# Arrows?



## kegan (Aug 28, 2006)

Birch dowel arrows I make up myself.


----------



## master hunter (Oct 9, 2007)

gold tip target/3d and carbon express for hunting


----------



## BIGBC (Jan 29, 2007)

Easton Axis FMJ's
Easton Cobalt 2314's
Easton ACC's
Easton Lightspeed's


----------



## bowboy0 (May 19, 2007)

I shoot only Goldtip and love them! 
Indoors: Triple X pros/30X pros
3D: Triple X Pros 26.5/Ultralight Pro 22 series
Field/FITA: Ultra Light Pro 400 
Hunting: 35/55 Pro Hunter/CAA 400

Jake


----------



## Jared Les (Jun 22, 2008)

Primarily Gold Tip but I'm using Radial X-weaves for hunting this year.


----------



## rpford53 (Jul 21, 2006)

Radail X-Weaves Pros for me.


----------



## midwesthunter95 (Feb 10, 2009)

*Arrows*

Easton ST. Epic for me...love em


----------



## NocBuster (Jan 5, 2009)

Easton 340 FMJ's
Carbon Express Maxima Hunters 350's


----------



## rascal (Jul 13, 2004)

Victory V-Force for hunting
Victory X-Ringers HV's for target
Victory Nano's for target


----------



## Elixir86 (Feb 23, 2009)

*Epic*

Easton ST Epic Nfused 500s, amazing arrows!


----------



## Wolfey (Aug 12, 2008)

Easton axis N-fused 400s


----------



## BWiz (Dec 15, 2008)

Easton ST Axis 340's for me, CE Maximas shoot well for me too.


----------



## tru-force ss (Mar 25, 2008)

Vctory Vx-22hv-3D
Victory Vx-22-hunting/indoor


----------



## Irishrobin (Oct 21, 2006)

Easton ST epic


----------



## Rory/MO (Jan 13, 2008)

3-49 ACCs


----------



## CA_Rcher12 (Oct 28, 2004)

I've used Gold Tips and CX but I'm sticking with Eastons now. I think I'm on my fourth dozen of those.


----------



## SupraTT (Dec 18, 2007)

Radial X weave pros


----------



## whoa (Apr 5, 2004)

Easton
Fat Boys,lightspeeds,Axis and X7's


----------



## XCalibre (Aug 31, 2006)

rascal said:


> Victory V-Force for hunting
> Victory X-Ringers HV's for target
> Victory Nano's for target


i can't find those Victory Nanos on their website. are you sure that you don't mean CX Nanos?


----------



## hoytboy101 (Dec 17, 2007)

XCalibre said:


> i can't find those Victory Nanos on their website. are you sure that you don't mean CX Nanos?

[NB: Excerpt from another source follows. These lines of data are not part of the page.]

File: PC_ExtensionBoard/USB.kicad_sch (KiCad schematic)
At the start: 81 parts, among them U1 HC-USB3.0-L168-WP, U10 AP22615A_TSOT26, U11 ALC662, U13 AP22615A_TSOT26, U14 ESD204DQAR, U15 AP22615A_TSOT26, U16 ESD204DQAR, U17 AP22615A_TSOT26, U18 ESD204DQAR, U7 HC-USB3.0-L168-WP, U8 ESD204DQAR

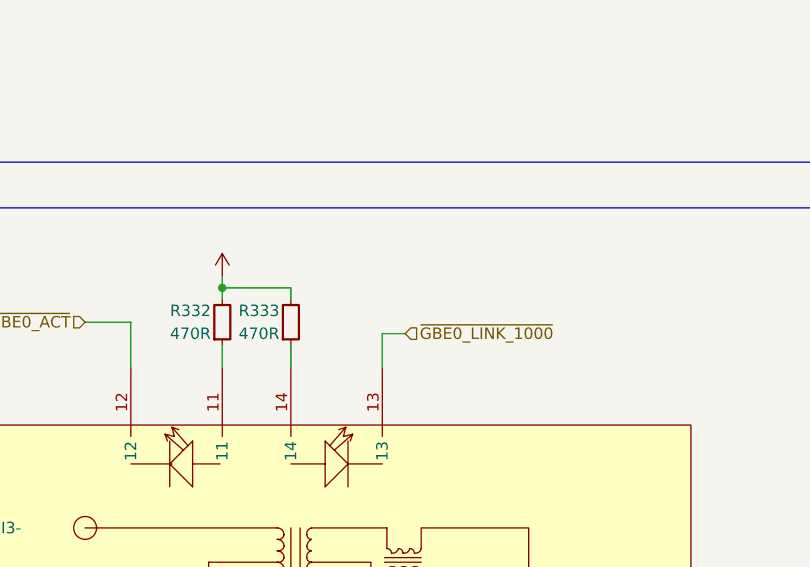
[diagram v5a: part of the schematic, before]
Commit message: update schematic
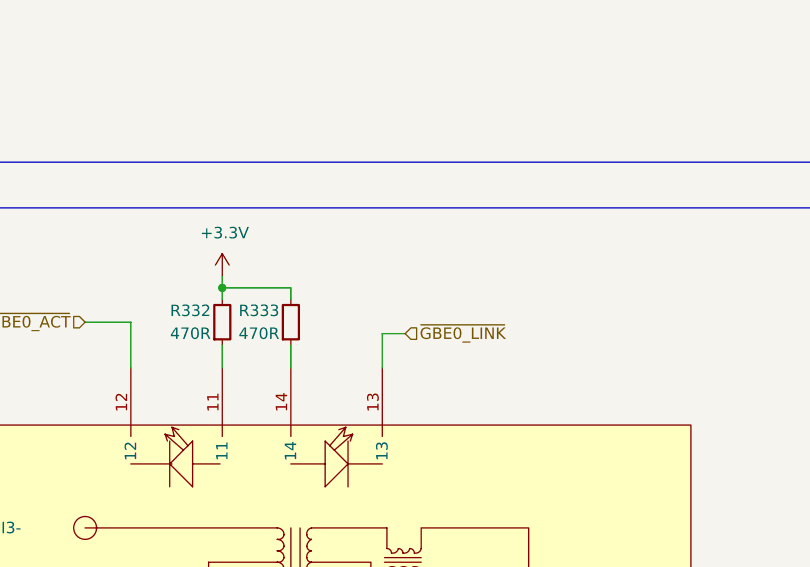
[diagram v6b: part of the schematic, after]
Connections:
- net ~{GBE0_LINK_1000} renamed ~{GBE0_LINK}
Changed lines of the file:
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@@
 		)
 	)
-	(hierarchical_label "~{GBE0_LINK_1000}"
+	(hierarchical_label "~{GBE0_LINK}"
 		(shape input)
 		(at 709.93 424.18 0)
@@
 		(property "Value" "+3.3V"
 			(at 689.864 413.004 0)
-			(hide yes)
 			(show_name no)
 			(do_not_autoplace no)

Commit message: update LCSC Number
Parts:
- added C68: C_1u_0402, PC_Components_1:C_0402_1005Metric, symbol A_PC_ExtensionBoard:C_1u_0402
- added R34: 2.2K/1%, PC_Components_1:R_0402_1005Metric, symbol A_PC_ExtensionBoard:R
- added U22: ESD204DQAR, PC_Components_1:USON-10_2.5x1mm_P0.5mm, symbol A_PC_ExtensionBoard:ESD204DQAR
- RJ1: footprint C54408:RJ45-TH_HR911130A -> PC_Components_1:RJ45-TH_HR911130A
- U1, U7: LCSC (none) -> C7501850
- USB1: LCSC (none) -> C7501881; SUPPLIER PART C7501881 -> (none)
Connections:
- net GND: now also U22.3, U22.8
- net MIC1-VREF0-L: now also R34.1; no longer Audio1.1, U11.21 (MIC1-L)
- net at Audio1.2, U11.35 (FRONT-L): now also U22.2, U22.9
- net at Audio1.3, U11.36 (FRONT-R): now also U22.4, U22.7
- net at Audio1.5, U11.13 (Sense_A): now also U22.5, U22.6
- net BITCLK renamed HDA.BITCLK
- net RST renamed HDA.RST
- net SDIN0 renamed HDA.SDIN0
- net SDOUT renamed HDA.SDOUT
- net SYNC renamed HDA.SYNC
- new net: Audio1.1, C68.1, R34.2, U22.1, U22.10
- new net: C68.2, U11.21 (MIC1-L)
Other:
- moved on the sheet: Audio1, C35, C36, C60, C63, C65, R79, U11B, U11C

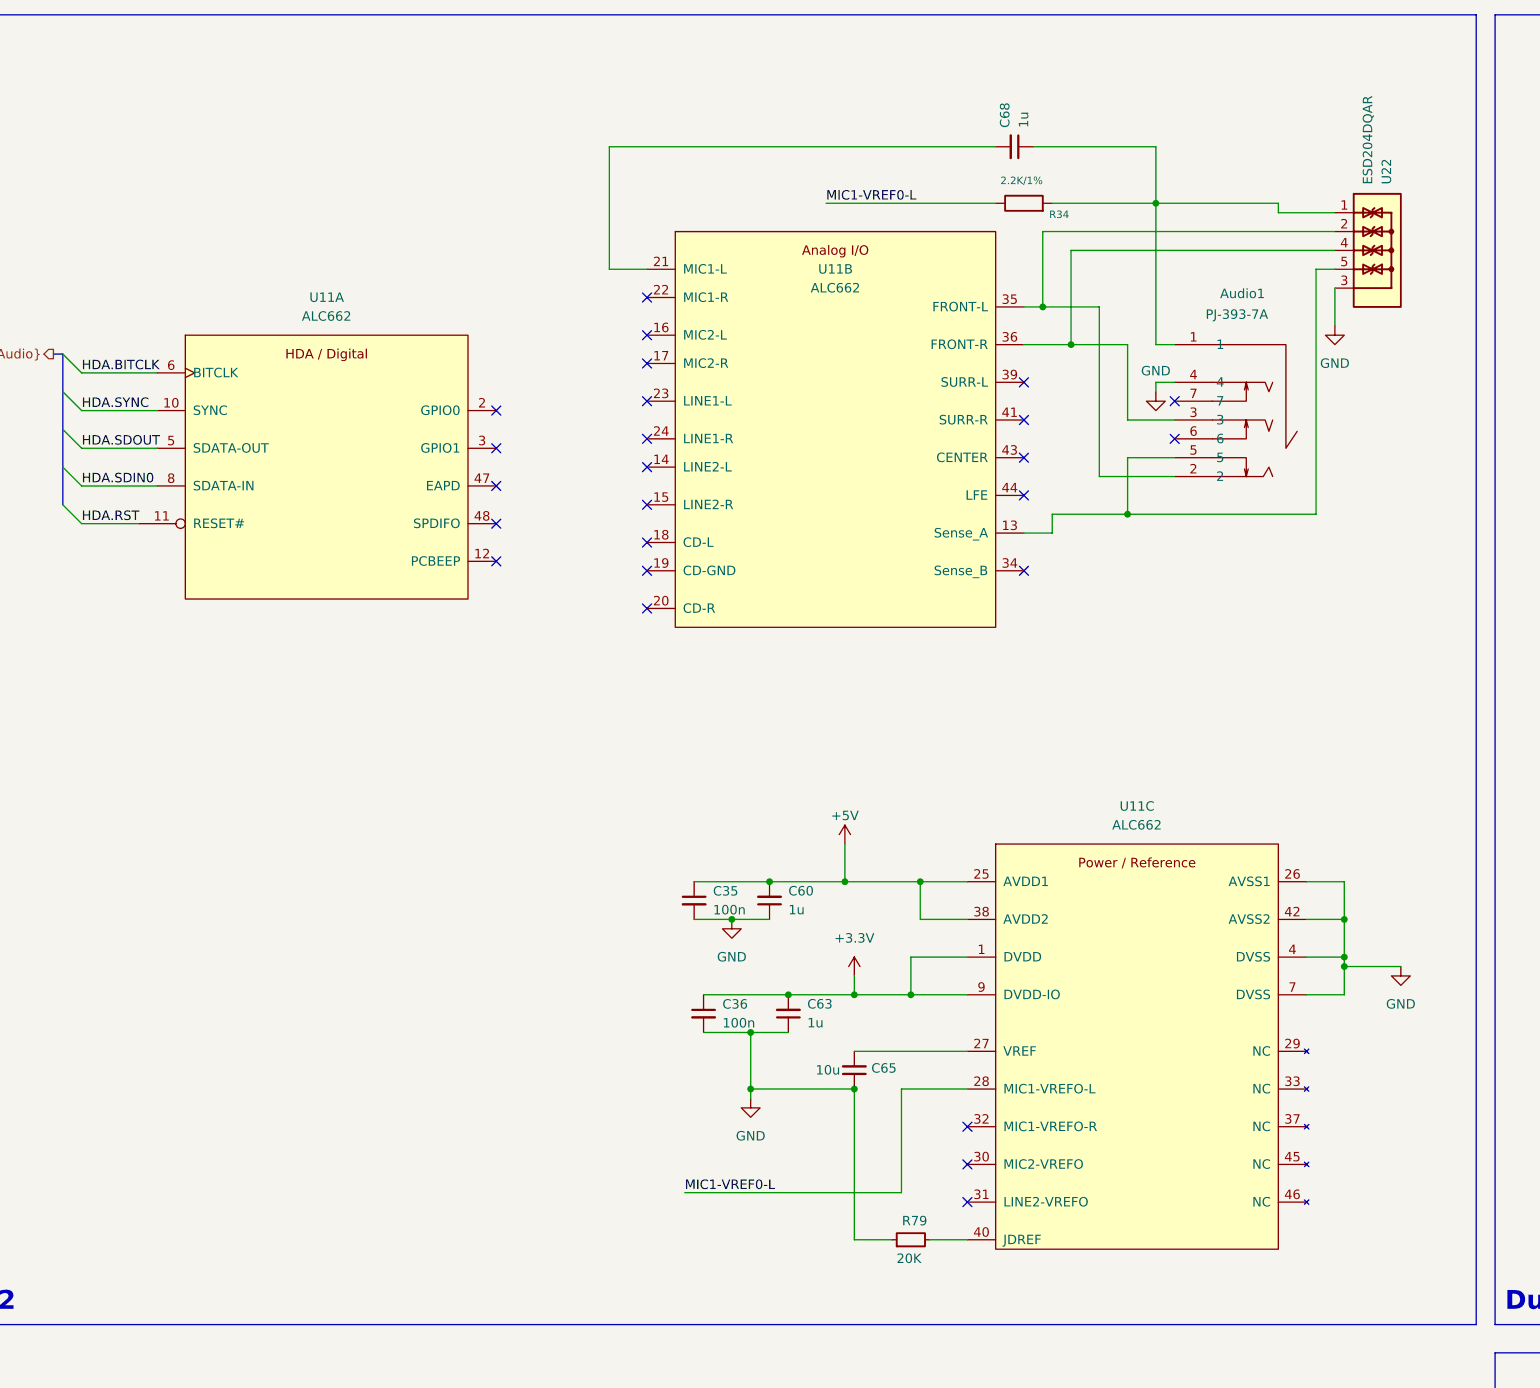
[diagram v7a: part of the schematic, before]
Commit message: update diff pair routing
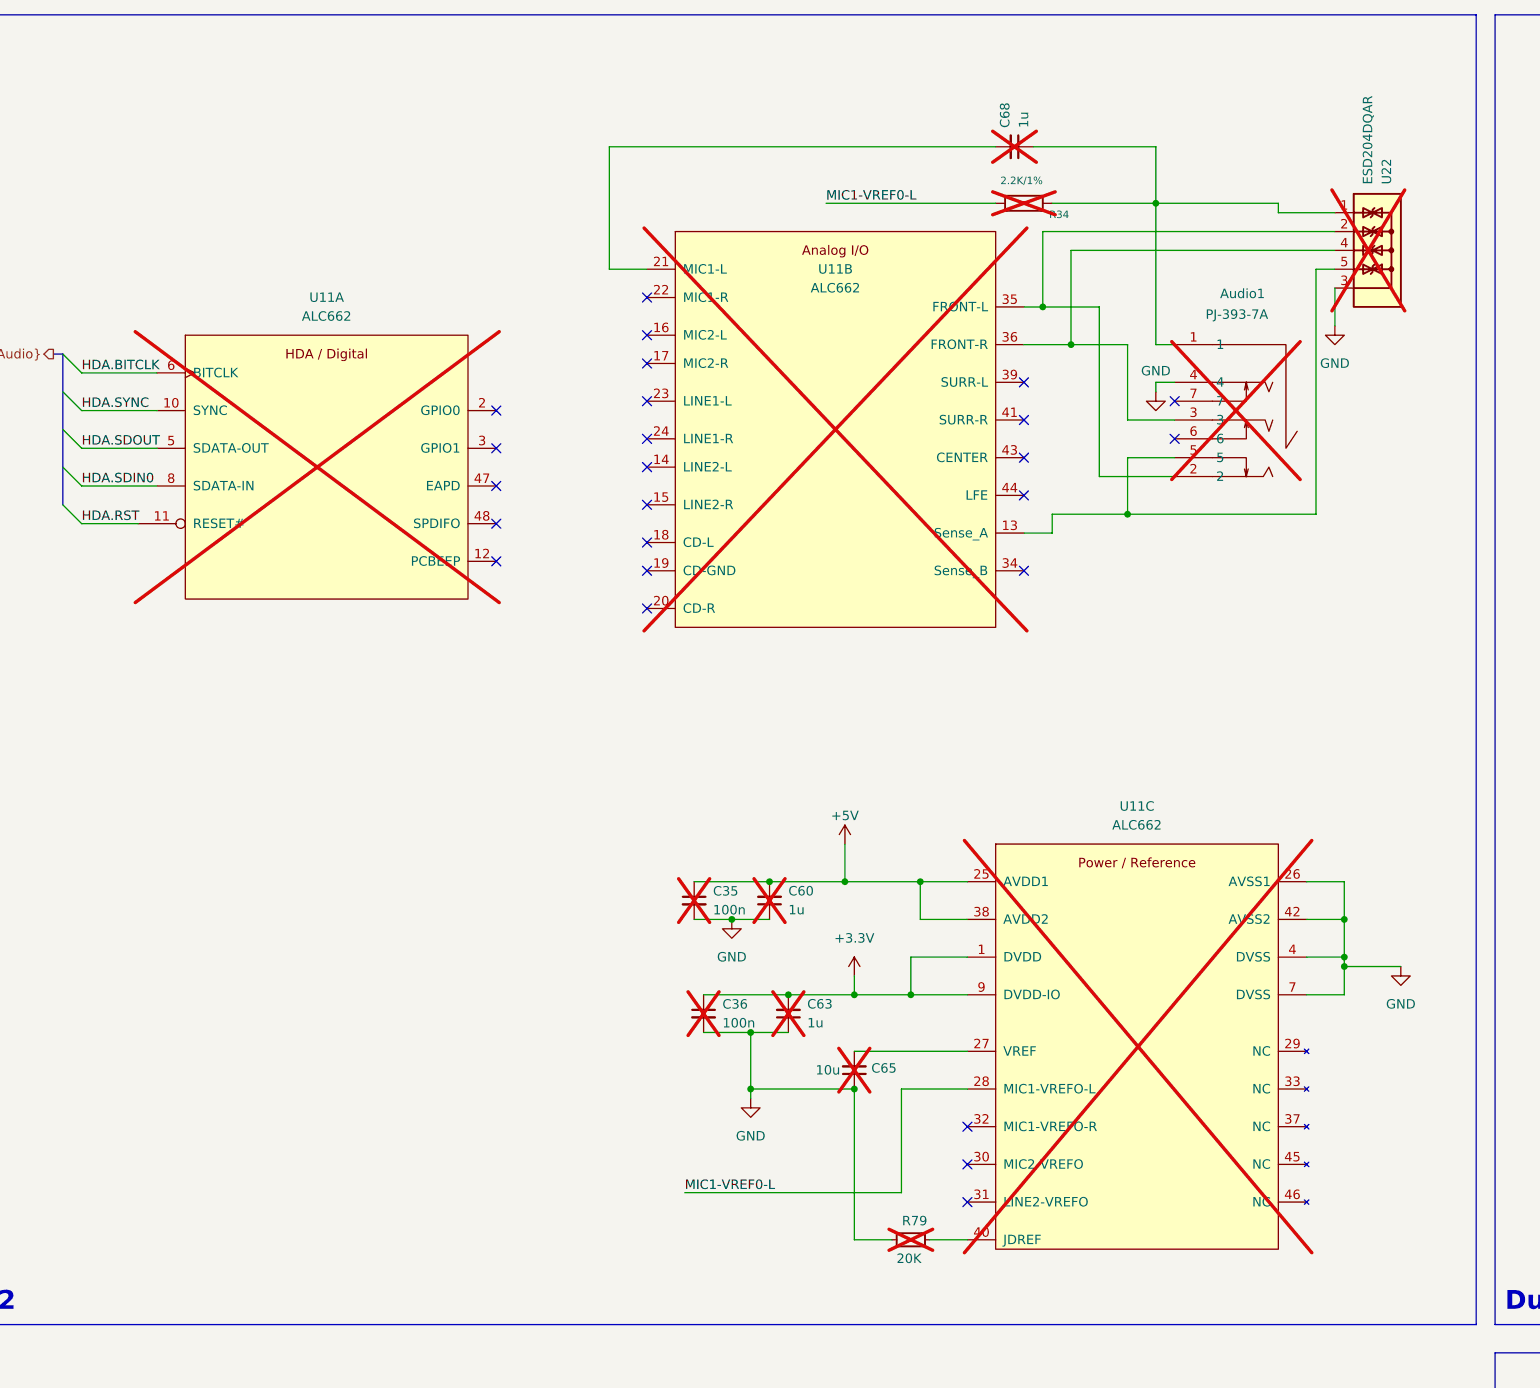
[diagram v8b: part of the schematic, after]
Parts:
- Audio1, C35, C36, C60, C63, C65, C68, R34, R79, U11, U22: now not fitted; now left out of the parts list
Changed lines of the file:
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@@
 		(body_style 1)
 		(exclude_from_sim no)
-		(in_bom yes)
-		(on_board yes)
-		(in_pos_files yes)
-		(dnp no)
+		(in_bom no)
+		(on_board no)
+		(in_pos_files no)
+		(dnp yes)
 		(property "Reference" "Audio1"
 			(at 518.414 50.292 0)
@@
 		(body_style 1)
 		(exclude_from_sim no)
-		(in_bom yes)
-		(on_board yes)
-		(in_pos_files yes)
-		(dnp no)
+		(in_bom no)
+		(on_board no)
+		(in_pos_files no)
+		(dnp yes)
 		(property "Reference" "R34"
 			(at 495.046 39.624 90)
@@
 		(body_style 1)
 		(exclude_from_sim no)
-		(in_bom yes)
-		(on_board yes)
-		(in_pos_files yes)
-		(dnp no)
+		(in_bom no)
+		(on_board no)
+		(in_pos_files no)
+		(dnp yes)
 		(fields_autoplaced yes)
 		(property "Reference" "C36"
@@
 		(body_style 1)
 		(exclude_from_sim no)
-		(in_bom yes)
-		(on_board yes)
-		(in_pos_files yes)
-		(dnp no)
+		(in_bom no)
+		(on_board no)
+		(in_pos_files no)
+		(dnp yes)
 		(property "Reference" "C60"
 			(at 457.2 130.8035 90)
@@
 		(body_style 1)
 		(exclude_from_sim no)
-		(in_bom yes)
-		(on_board yes)
-		(in_pos_files yes)
-		(dnp no)
+		(in_bom no)
+		(on_board no)
+		(in_pos_files no)
+		(dnp yes)
 		(property "Reference" "C65"
 			(at 468.376 154.686 90)
@@
 		(body_style 1)
 		(exclude_from_sim no)
-		(in_bom yes)
-		(on_board yes)
-		(in_pos_files yes)
-		(dnp no)
+		(in_bom no)
+		(on_board no)
+		(in_pos_files no)
+		(dnp yes)
 		(property "Reference" "C68"
 			(at 486.4035 27.94 90)
@@
 		(body_style 1)
 		(exclude_from_sim no)
-		(in_bom yes)
-		(on_board yes)
+		(in_bom no)
+		(on_board no)
 		(in_pos_files yes)
-		(dnp no)
+		(dnp yes)
 		(fields_autoplaced yes)
 		(property "Reference" "U11"
@@
 		(body_style 1)
 		(exclude_from_sim no)
-		(in_bom yes)
-		(on_board yes)
-		(in_pos_files yes)
-		(dnp no)
+		(in_bom no)
+		(on_board no)
+		(in_pos_files no)
+		(dnp yes)
 		(fields_autoplaced yes)
 		(property "Reference" "U22"
@@
 		(body_style 1)
 		(exclude_from_sim no)
-		(in_bom yes)
-		(on_board yes)
-		(in_pos_files yes)
-		(dnp no)
+		(in_bom no)
+		(on_board no)
+		(in_pos_files no)
+		(dnp yes)
 		(fields_autoplaced yes)
 		(property "Reference" "C35"
@@
 		(body_style 1)
 		(exclude_from_sim no)
-		(in_bom yes)
-		(on_board yes)
+		(in_bom no)
+		(on_board no)
 		(in_pos_files yes)
-		(dnp no)
+		(dnp yes)
 		(fields_autoplaced yes)
 		(property "Reference" "U11"
@@
 		(body_style 1)
 		(exclude_from_sim no)
-		(in_bom yes)
-		(on_board yes)
-		(in_pos_files yes)
-		(dnp no)
+		(in_bom no)
+		(on_board no)
+		(in_pos_files no)
+		(dnp yes)
 		(fields_autoplaced yes)
 		(property "Reference" "U11"
@@
 		(body_style 1)
 		(exclude_from_sim no)
-		(in_bom yes)
-		(on_board yes)
-		(in_pos_files yes)
-		(dnp no)
+		(in_bom no)
+		(on_board no)
+		(in_pos_files no)
+		(dnp yes)
 		(property "Reference" "C63"
 			(at 459.74 146.0435 90)
@@
 		(body_style 1)
 		(exclude_from_sim no)
-		(in_bom yes)
-		(on_board yes)
-		(in_pos_files yes)
-		(dnp no)
+		(in_bom no)
+		(on_board no)
+		(in_pos_files no)
+		(dnp yes)
 		(property "Reference" "R79"
 			(at 474.218 175.26 0)

No victory just came out with those arrows.


----------



## bardman (Oct 18, 2006)

FMJ for deer and bigger stuff

Carbon Express for turkeys


----------



## Ignition kid (Oct 7, 2008)

I chose Easton. I shoot Easton Axis 500's.


----------



## CA_Rcher12 (Oct 28, 2004)

Axis 500's are some sweet arrows. I prefer aluminum but if I ever went back to carbon it'd be those.


----------



## Ignition kid (Oct 7, 2008)

CA_Rcher12 said:


> Axis 500's are some sweet arrows. I prefer aluminum but if I ever went back to carbon it'd be those.


Yea, they are sweet shooting arrows!


----------



## gobblercrazy (May 9, 2008)

Easton Axis 500 :thumb:


----------



## Gary73 (Jan 11, 2008)

Beman

Bowhunters, Hunters, Hunter Elites.


----------